Volunteering does help in staying productive and exploring different career paths.  It is a good way to boost self-esteem when searching for full-time employment and career enhancement alternatives.  In fact, working in a volunteer position where the rewards are primarily intangible might demonstrate strong work ethic.  “Employers like employees who are passionate about their work…it also tells employers that for you working is about enjoying what you do, not merely a paycheck” (Horowitz, Jason, CareerJournal.com, 2004).  For Lyn, volunteering opened up a door to staying active in the working environment, exploring career ideas that had not been focused on before, and using her time productively as she waits for her VISA issues to be resolved and looks for paid employment.

Does volunteering always work out positively for clients?  Probably not.  In another example, volunteering as a career strategy did not work as well for Melissa as it did for Lyn.  As with Lyn, there were VISA restrictions, narrowing employment opportunities for Melissa.  As the consultant and Melissa worked together, the following reasons were discussed as contributing to Melissa’s unhappiness with this strategy.

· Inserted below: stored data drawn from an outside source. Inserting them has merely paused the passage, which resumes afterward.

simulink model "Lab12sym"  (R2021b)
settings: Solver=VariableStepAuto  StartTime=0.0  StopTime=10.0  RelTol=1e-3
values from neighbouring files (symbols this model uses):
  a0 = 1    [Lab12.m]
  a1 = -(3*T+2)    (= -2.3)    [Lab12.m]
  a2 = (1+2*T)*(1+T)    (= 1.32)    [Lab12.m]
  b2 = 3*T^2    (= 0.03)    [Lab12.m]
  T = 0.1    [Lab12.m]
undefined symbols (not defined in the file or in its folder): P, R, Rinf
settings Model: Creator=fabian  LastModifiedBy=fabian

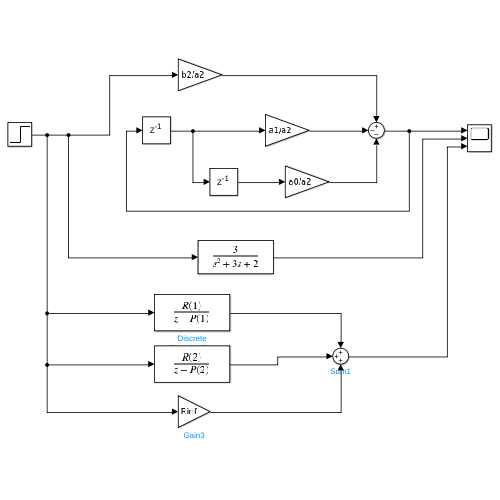
[thumbnail: Simulink's stored preview of the top-level diagram]
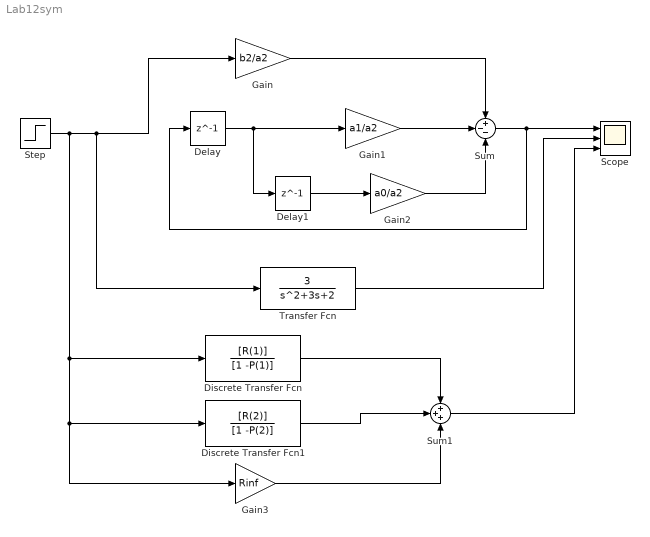
== system Lab12sym ==
  Delay : Delay  DelayLength=1  SampleTime=T
  Delay1 : Delay  DelayLength=1  SampleTime=T
  Discrete Transfer Fcn : DiscreteTransferFcn  Numerator=[R(1)]  Denominator=[1 -P(1)]
  Discrete Transfer Fcn1 : DiscreteTransferFcn  Numerator=[R(2)]  Denominator=[1 -P(2)]
  Gain : Gain  Gain=b2/a2
  Gain1 : Gain  Gain=a1/a2
  Gain2 : Gain  Gain=a0/a2
  Gain3 : Gain  Gain=Rinf
  Scope : Scope  NumInputPorts=3
  Step : Step  Time=0  SampleTime=0
  Sum : Sum  Inputs=+--
  Sum1 : Sum  Inputs=+++
  Transfer Fcn : TransferFcn  Numerator=[3]  Denominator=[1 3 2]
  wires:
  Step/1 -> Discrete Transfer Fcn/1, Discrete Transfer Fcn1/1, Gain3/1, Transfer Fcn/1, Gain/1
  Gain/1 -> Sum/1
  Sum/1 -> Scope/1, Delay/1
  Delay/1 -> Delay1/1, Gain1/1
  Gain1/1 -> Sum/2
  Gain2/1 -> Sum/3
  Delay1/1 -> Gain2/1
  Transfer Fcn/1 -> Scope/2
  Discrete Transfer Fcn/1 -> Sum1/1
  Discrete Transfer Fcn1/1 -> Sum1/2
  Gain3/1 -> Sum1/3
  Sum1/1 -> Scope/3

  • Being very specific about volunteer tasks in her field  A State license was required for Melissa to practice in her field.  While waiting to get these credentials, Melissa was hesitant to take on volunteer positions which involved tasks that normally her assistant would do.  Her belief was that she could wait to look for paid positions once she took the licensing exam.  She was aware that she still might have difficulty finding a job because of VISA restrictions but was at this point unwilling to consider some of the benefits of volunteering in her field.  The coach respected this “block” and helped Melissa define immediately attainable tasks such as preparing for the exam, places to contact for complete information and identifying people to talk to who had taken this exam.
  • Lack of immediate outcomes in terms of open positions Networking through contacts and volunteer opportunities, by its very nature is time consuming and this strategy may or may not lead to concrete leads.  This seeming “lack of progress” towards the final goal of accepting an offer was hard for Melissa to accept.  In addition, as a parent of young children, she would not be able to commit to volunteering in the hope that “something might click.” To address this concern Melissa and the coach identified specific structured goals that would help Melissa feel she was “progressing” towards her main goal of finding employment.  Creating a support group by introducing her to Lyn who lived in the same city, encouraging her to conduct an informational interview with a personal contact and develop a strategy for completing defined tasks helped Melissa look at her job search more positively.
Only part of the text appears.